Goal of the exercise: Up to and including the line bearing "doc.styles.add('STEP PR', font='isocpeui.ttf')", output every line of the entries exactly as written, starting from the first; pictures stay out.

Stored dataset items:
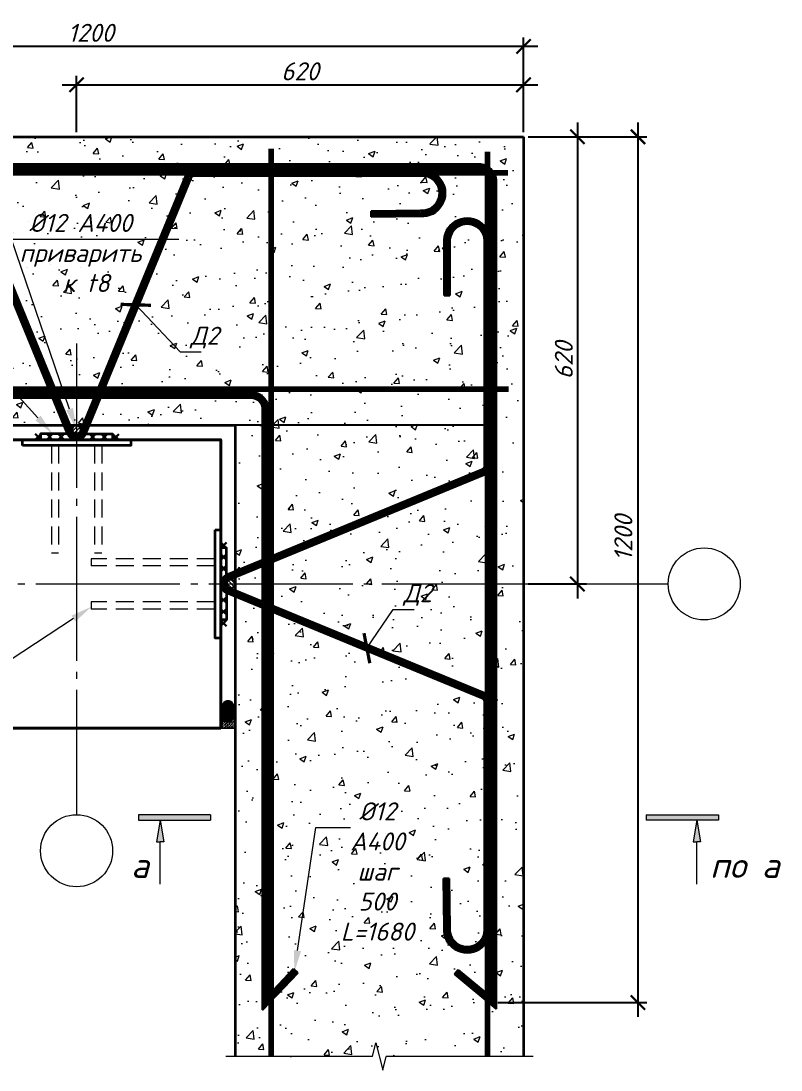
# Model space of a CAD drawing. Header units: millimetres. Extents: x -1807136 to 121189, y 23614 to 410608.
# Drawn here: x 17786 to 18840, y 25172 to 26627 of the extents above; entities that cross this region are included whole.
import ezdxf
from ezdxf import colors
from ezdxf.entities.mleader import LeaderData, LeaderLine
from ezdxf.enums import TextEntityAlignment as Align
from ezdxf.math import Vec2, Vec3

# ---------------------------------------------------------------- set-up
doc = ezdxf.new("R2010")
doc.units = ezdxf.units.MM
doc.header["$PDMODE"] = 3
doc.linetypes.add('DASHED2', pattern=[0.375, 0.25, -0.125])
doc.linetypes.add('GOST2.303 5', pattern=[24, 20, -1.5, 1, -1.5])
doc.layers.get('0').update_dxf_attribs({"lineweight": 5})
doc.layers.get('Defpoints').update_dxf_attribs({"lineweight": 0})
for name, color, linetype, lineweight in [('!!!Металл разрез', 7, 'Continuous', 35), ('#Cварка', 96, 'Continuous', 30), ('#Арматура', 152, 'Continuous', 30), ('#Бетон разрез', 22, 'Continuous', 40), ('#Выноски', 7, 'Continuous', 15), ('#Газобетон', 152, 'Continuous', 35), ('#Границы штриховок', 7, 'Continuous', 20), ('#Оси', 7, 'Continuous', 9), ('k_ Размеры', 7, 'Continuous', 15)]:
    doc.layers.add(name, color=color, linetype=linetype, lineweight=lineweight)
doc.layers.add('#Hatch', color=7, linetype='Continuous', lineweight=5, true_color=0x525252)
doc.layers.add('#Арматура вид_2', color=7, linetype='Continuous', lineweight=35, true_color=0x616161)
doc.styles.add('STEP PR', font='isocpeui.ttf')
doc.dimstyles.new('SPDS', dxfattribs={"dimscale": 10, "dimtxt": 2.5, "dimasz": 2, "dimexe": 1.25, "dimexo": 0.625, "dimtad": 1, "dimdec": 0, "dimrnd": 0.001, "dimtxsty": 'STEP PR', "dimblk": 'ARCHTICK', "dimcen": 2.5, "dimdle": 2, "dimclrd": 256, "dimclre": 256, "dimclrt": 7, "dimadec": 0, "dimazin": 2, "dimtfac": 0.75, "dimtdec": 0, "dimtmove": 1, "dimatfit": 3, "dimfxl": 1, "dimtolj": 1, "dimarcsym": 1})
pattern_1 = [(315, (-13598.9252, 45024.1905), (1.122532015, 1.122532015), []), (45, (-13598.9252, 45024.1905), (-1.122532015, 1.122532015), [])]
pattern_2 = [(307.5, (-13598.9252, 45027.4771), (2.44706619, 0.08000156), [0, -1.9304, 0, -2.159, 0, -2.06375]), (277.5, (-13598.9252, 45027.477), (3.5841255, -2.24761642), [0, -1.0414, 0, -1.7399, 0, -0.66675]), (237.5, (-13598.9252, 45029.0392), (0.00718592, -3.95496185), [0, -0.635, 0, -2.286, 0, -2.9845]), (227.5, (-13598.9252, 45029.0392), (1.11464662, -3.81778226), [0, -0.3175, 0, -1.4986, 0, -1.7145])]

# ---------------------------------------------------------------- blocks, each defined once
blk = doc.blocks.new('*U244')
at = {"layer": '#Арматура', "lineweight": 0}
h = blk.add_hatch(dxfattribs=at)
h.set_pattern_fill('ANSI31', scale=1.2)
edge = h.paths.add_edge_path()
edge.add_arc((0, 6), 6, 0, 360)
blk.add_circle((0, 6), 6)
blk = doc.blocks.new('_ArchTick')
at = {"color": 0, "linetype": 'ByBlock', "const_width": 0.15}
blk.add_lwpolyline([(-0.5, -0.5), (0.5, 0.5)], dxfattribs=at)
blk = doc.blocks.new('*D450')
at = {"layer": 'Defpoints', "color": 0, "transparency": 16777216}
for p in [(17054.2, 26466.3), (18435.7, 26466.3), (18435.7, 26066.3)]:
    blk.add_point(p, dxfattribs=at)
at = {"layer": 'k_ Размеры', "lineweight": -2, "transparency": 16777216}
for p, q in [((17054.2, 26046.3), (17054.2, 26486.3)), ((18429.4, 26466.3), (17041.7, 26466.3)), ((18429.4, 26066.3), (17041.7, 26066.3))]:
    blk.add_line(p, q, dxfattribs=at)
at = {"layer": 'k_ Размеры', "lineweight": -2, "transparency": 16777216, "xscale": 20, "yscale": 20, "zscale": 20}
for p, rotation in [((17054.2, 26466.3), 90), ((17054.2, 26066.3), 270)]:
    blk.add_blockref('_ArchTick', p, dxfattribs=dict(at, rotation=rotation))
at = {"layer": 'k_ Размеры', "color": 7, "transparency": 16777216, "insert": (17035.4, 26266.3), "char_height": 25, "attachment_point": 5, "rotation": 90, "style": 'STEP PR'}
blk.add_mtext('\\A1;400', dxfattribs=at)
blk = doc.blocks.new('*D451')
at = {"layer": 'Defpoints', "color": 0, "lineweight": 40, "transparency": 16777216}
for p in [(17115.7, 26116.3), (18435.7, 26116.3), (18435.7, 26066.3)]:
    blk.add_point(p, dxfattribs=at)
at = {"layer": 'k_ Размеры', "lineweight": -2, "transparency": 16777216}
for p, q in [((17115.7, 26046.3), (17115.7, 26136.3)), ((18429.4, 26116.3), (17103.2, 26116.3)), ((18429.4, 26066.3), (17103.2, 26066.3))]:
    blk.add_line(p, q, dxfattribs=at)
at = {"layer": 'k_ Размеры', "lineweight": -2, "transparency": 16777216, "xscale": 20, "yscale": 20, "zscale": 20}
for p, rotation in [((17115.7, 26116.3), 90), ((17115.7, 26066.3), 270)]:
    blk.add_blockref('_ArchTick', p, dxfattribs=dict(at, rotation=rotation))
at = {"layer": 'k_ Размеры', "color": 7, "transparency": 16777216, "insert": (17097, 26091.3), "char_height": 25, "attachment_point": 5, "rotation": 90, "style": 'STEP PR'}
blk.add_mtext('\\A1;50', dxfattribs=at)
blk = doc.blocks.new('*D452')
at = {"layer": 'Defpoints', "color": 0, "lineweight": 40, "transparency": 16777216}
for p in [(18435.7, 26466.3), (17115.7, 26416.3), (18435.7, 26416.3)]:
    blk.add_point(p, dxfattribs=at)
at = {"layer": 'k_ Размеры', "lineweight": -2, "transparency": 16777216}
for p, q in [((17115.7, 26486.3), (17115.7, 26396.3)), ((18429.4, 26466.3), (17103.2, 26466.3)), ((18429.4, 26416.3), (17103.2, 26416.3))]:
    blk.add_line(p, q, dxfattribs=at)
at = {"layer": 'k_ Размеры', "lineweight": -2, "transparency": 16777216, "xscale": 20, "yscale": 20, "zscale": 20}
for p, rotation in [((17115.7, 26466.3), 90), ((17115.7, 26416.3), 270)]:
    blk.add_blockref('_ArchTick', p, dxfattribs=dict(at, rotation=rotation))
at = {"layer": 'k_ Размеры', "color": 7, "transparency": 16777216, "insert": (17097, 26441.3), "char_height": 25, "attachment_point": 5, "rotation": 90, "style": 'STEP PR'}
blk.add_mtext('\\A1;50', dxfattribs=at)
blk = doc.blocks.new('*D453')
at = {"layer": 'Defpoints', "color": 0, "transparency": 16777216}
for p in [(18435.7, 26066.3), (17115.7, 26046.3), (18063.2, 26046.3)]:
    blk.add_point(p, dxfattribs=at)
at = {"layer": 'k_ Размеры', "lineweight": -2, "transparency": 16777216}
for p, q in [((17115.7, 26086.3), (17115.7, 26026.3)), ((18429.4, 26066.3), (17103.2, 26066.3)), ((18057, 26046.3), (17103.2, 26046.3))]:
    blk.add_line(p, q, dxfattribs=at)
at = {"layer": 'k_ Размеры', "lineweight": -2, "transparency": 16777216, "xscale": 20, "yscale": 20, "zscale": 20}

Task answer:
# Model space of a CAD drawing. Header units: millimetres. Extents: x -1807136 to 121189, y 23614 to 410608.
# Drawn here: x 17786 to 18840, y 25172 to 26627 of the extents above; entities that cross this region are included whole.
import ezdxf
from ezdxf import colors
from ezdxf.entities.mleader import LeaderData, LeaderLine
from ezdxf.enums import TextEntityAlignment as Align
from ezdxf.math import Vec2, Vec3

# ---------------------------------------------------------------- set-up
doc = ezdxf.new("R2010")
doc.units = ezdxf.units.MM
doc.header["$PDMODE"] = 3
doc.linetypes.add('DASHED2', pattern=[0.375, 0.25, -0.125])
doc.linetypes.add('GOST2.303 5', pattern=[24, 20, -1.5, 1, -1.5])
doc.layers.get('0').update_dxf_attribs({"lineweight": 5})
doc.layers.get('Defpoints').update_dxf_attribs({"lineweight": 0})
for name, color, linetype, lineweight in [('!!!Металл разрез', 7, 'Continuous', 35), ('#Cварка', 96, 'Continuous', 30), ('#Арматура', 152, 'Continuous', 30), ('#Бетон разрез', 22, 'Continuous', 40), ('#Выноски', 7, 'Continuous', 15), ('#Газобетон', 152, 'Continuous', 35), ('#Границы штриховок', 7, 'Continuous', 20), ('#Оси', 7, 'Continuous', 9), ('k_ Размеры', 7, 'Continuous', 15)]:
    doc.layers.add(name, color=color, linetype=linetype, lineweight=lineweight)
doc.layers.add('#Hatch', color=7, linetype='Continuous', lineweight=5, true_color=0x525252)
doc.layers.add('#Арматура вид_2', color=7, linetype='Continuous', lineweight=35, true_color=0x616161)
doc.styles.add('STEP PR', font='isocpeui.ttf')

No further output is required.